Doctor suspected in building collapse dies

? The doctor suspected of blowing up his town house rather than allowing his ex-wife to benefit from its sale has died, nearly a week after suffering critical injuries in the blast, a hospital spokeswoman said Sunday.

Dr. Nicholas Bartha, 66, died late Saturday, said Mary Halston, an administrator at New York Presbyterian Hospital.

Police had been unable to speak to Bartha about the July 10 explosion because he was in a medically induced coma. Authorities have said they were investigating whether he might have caused it rather than sell the town house as part of a divorce judgment favoring his ex-wife.

Bartha’s ex-wife, Cordula Bartha, told police she received an e-mail from him shortly before the explosion warning that she would be “transformed from gold digger to ash and rubbish digger.”
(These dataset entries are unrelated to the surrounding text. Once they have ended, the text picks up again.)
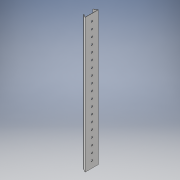
# Autodesk Inventor part: Thing1
Saved by Autodesk Inventor 2018 (Build 220112000, 112)
## iProperties
Created: 2017-11-20
Part Number: Thing1
Material: Generic
Document SubType Name: Modeling
Designer: ash-pc
Density: 1 g/cm^3
Appearance: Default
Author: ash-pc
Autodesk Inventor part; units mm, degrees
ref_plane "YZ Plane" through (0, 0, 0) normal (1, 0, 0) x (0, 1, 0)
ref_plane "XZ Plane" through (0, 0, 0) normal (0, 1, 0) x (-1, 0, 0)
ref_plane "XY Plane" through (0, 0, 0) normal (0, 0, 1) x (1, 0, 0)
sketch "Sketch1" plane through (0, 0, 0) normal (0, 1, 0) x (-1, 0, 0)
  line L0 (0, 0) -> (0, 12.7)
  line L1 (0, 12.7) -> (3.2996, 10.795)
  line L2 (0, 0) -> (3.2996, 1.905)
  line L3 (0, 0) -> (3.81, 0) construction
  line L4 (3.1726, 10.575) -> (0.254, 12.2601)
  line L5 (0.254, 12.2601) -> (0.254, 0.4399)
  line L6 (0.254, 0.4399) -> (3.1726, 2.125)
  line L7 (3.1726, 10.575) -> (3.2996, 10.795)
  line L8 (3.1726, 2.125) -> (3.2996, 1.905)
  dimension "d0" = 12.7
  dimension "d1" = 3.81
  dimension "d2" = 60
  dimension "d3" = 30
  dimension "d4" = 0.254
  constraints: 18 end point, 1 equal length, 1 horizontal, 1 vertical, 2 other
  measures "d0" distance of L0.start L0.end
  measures "d1" distance of L0.end L1.end
  measures "d2" angle of L0 L1
  measures "d3" angle of L3 L2
  measures "d4" distance between parallel lines of L0 L5
extrude "Extrusion1" add sketch "Sketch1" along normal blind 127
sketch "Sketch2" plane through (-0.254, 0, 0.4399) normal (-1, 0, 0) x (0, 0, 1)
  line L0 (5.2751, 5.715) -> (6.5451, 5.715)
  line L1 (6.5451, 5.715) -> (6.5451, 6.985)
  line L2 (6.5451, 6.985) -> (5.2751, 6.985)
  line L3 (5.2751, 6.985) -> (5.2751, 5.715)
  line L4 (5.2751, 5.715) -> (6.5451, 6.985) construction
  line L5 (6.5451, 5.715) -> (5.2751, 6.985) construction
  line L6 (6.5451, 12.065) -> (6.5451, 13.335)
  line L7 (6.5451, 13.335) -> (5.2751, 13.335)
  line L8 (5.2751, 13.335) -> (5.2751, 12.065)
  line L9 (5.2751, 12.065) -> (6.5451, 12.065)
  line L10 (6.5451, 18.415) -> (6.5451, 19.685)
  line L11 (6.5451, 19.685) -> (5.2751, 19.685)
  line L12 (5.2751, 19.685) -> (5.2751, 18.415)
  line L13 (5.2751, 18.415) -> (6.5451, 18.415)
  line L14 (6.5451, 24.765) -> (6.5451, 26.035)
  line L15 (6.5451, 26.035) -> (5.2751, 26.035)
  line L16 (5.2751, 26.035) -> (5.2751, 24.765)
  line L17 (5.2751, 24.765) -> (6.5451, 24.765)
  line L18 (6.5451, 31.115) -> (6.5451, 32.385)
  line L19 (6.5451, 32.385) -> (5.2751, 32.385)
  line L20 (5.2751, 32.385) -> (5.2751, 31.115)
  line L21 (5.2751, 31.115) -> (6.5451, 31.115)
  line L22 (6.5451, 37.465) -> (6.5451, 38.735)
  line L23 (6.5451, 38.735) -> (5.2751, 38.735)
  line L24 (5.2751, 38.735) -> (5.2751, 37.465)
  line L25 (5.2751, 37.465) -> (6.5451, 37.465)
  line L26 (6.5451, 43.815) -> (6.5451, 45.085)
  line L27 (6.5451, 45.085) -> (5.2751, 45.085)
  line L28 (5.2751, 45.085) -> (5.2751, 43.815)
  line L29 (5.2751, 43.815) -> (6.5451, 43.815)
  line L30 (6.5451, 50.165) -> (6.5451, 51.435)
  line L31 (6.5451, 51.435) -> (5.2751, 51.435)
  line L32 (5.2751, 51.435) -> (5.2751, 50.165)
  line L33 (5.2751, 50.165) -> (6.5451, 50.165)
  line L34 (6.5451, 56.515) -> (6.5451, 57.785)
  line L35 (6.5451, 57.785) -> (5.2751, 57.785)
  line L36 (5.2751, 57.785) -> (5.2751, 56.515)
  line L37 (5.2751, 56.515) -> (6.5451, 56.515)
  line L38 (6.5451, 62.865) -> (6.5451, 64.135)
  line L39 (6.5451, 64.135) -> (5.2751, 64.135)
  line L40 (5.2751, 64.135) -> (5.2751, 62.865)
  line L41 (5.2751, 62.865) -> (6.5451, 62.865)
  line L42 (6.5451, 69.215) -> (6.5451, 70.485)
  line L43 (6.5451, 70.485) -> (5.2751, 70.485)
  line L44 (5.2751, 70.485) -> (5.2751, 69.215)
  line L45 (5.2751, 69.215) -> (6.5451, 69.215)
  line L46 (6.5451, 75.565) -> (6.5451, 76.835)
  line L47 (6.5451, 76.835) -> (5.2751, 76.835)
  line L48 (5.2751, 76.835) -> (5.2751, 75.565)
  line L49 (5.2751, 75.565) -> (6.5451, 75.565)
  line L50 (6.5451, 81.915) -> (6.5451, 83.185)
  line L51 (6.5451, 83.185) -> (5.2751, 83.185)
  line L52 (5.2751, 83.185) -> (5.2751, 81.915)
  line L53 (5.2751, 81.915) -> (6.5451, 81.915)
  line L54 (6.5451, 88.265) -> (6.5451, 89.535)
  line L55 (6.5451, 89.535) -> (5.2751, 89.535)
  line L56 (5.2751, 89.535) -> (5.2751, 88.265)
  line L57 (5.2751, 88.265) -> (6.5451, 88.265)
  line L58 (6.5451, 94.615) -> (6.5451, 95.885)
  line L59 (6.5451, 95.885) -> (5.2751, 95.885)
  line L60 (5.2751, 95.885) -> (5.2751, 94.615)
  line L61 (5.2751, 94.615) -> (6.5451, 94.615)
  line L62 (6.5451, 100.965) -> (6.5451, 102.235)
  line L63 (6.5451, 102.235) -> (5.2751, 102.235)
  line L64 (5.2751, 102.235) -> (5.2751, 100.965)
  line L65 (5.2751, 100.965) -> (6.5451, 100.965)
  line L66 (6.5451, 107.315) -> (6.5451, 108.585)
  line L67 (6.5451, 108.585) -> (5.2751, 108.585)
  line L68 (5.2751, 108.585) -> (5.2751, 107.315)
  line L69 (5.2751, 107.315) -> (6.5451, 107.315)
  line L70 (6.5451, 113.665) -> (6.5451, 114.935)
  line L71 (6.5451, 114.935) -> (5.2751, 114.935)
  line L72 (5.2751, 114.935) -> (5.2751, 113.665)
  line L73 (5.2751, 113.665) -> (6.5451, 113.665)
  line L74 (6.5451, 120.015) -> (6.5451, 121.285)
  line L75 (6.5451, 121.285) -> (5.2751, 121.285)
  line L76 (5.2751, 121.285) -> (5.2751, 120.015)
  line L77 (5.2751, 120.015) -> (6.5451, 120.015)
  point P0 (-0.4399, 0)
  point P1 (5.9101, 6.35)
  dimension "d7" = 1.27
  dimension "d8" = 1.27
  dimension "d14" = 6.35
  constraints: 156 end point, 2 midpoint, 2 parallel, 1 collinear, 1 horizontal, 1 perpendicular, 1 vertical, 143 other
  measures "d7" distance of L2.end L1.end
  measures "d8" distance of L1.end L0.end
  measures "d14" distance of L0.end L6.start
extrude "Extrusion2" cut sketch "Sketch2" against normal blind 0.254
body "Solid1"

“I always told you I will leave the house only if I am dead,” the e-mail said.

Investigators have confirmed that someone tampered with a gas line leading into the home’s basement, allowing vapors to flow for hours until it caused the building to blow up.

The physician, who lived and worked in the four-story landmark on Manhattan’s upscale Upper East Side, was the lone occupant during the blast. It leveled the building and left the block covered in bricks, glass and splintered wood. At least 14 other people were injured, including 10 firefighters.

Rescuers pulled the doctor from the rubble after hearing his calls.

The town house and land were worth nearly $6.4 million, according to the city’s finance department. The property was to be sold at auction in October to pay a $4 million judgment against Bartha, though his ex-wife had predicted he wouldn’t leave without a fight.

“He has said many times that he intends to ‘die in my house,”‘ Cordula Bartha said in a petition filed last year.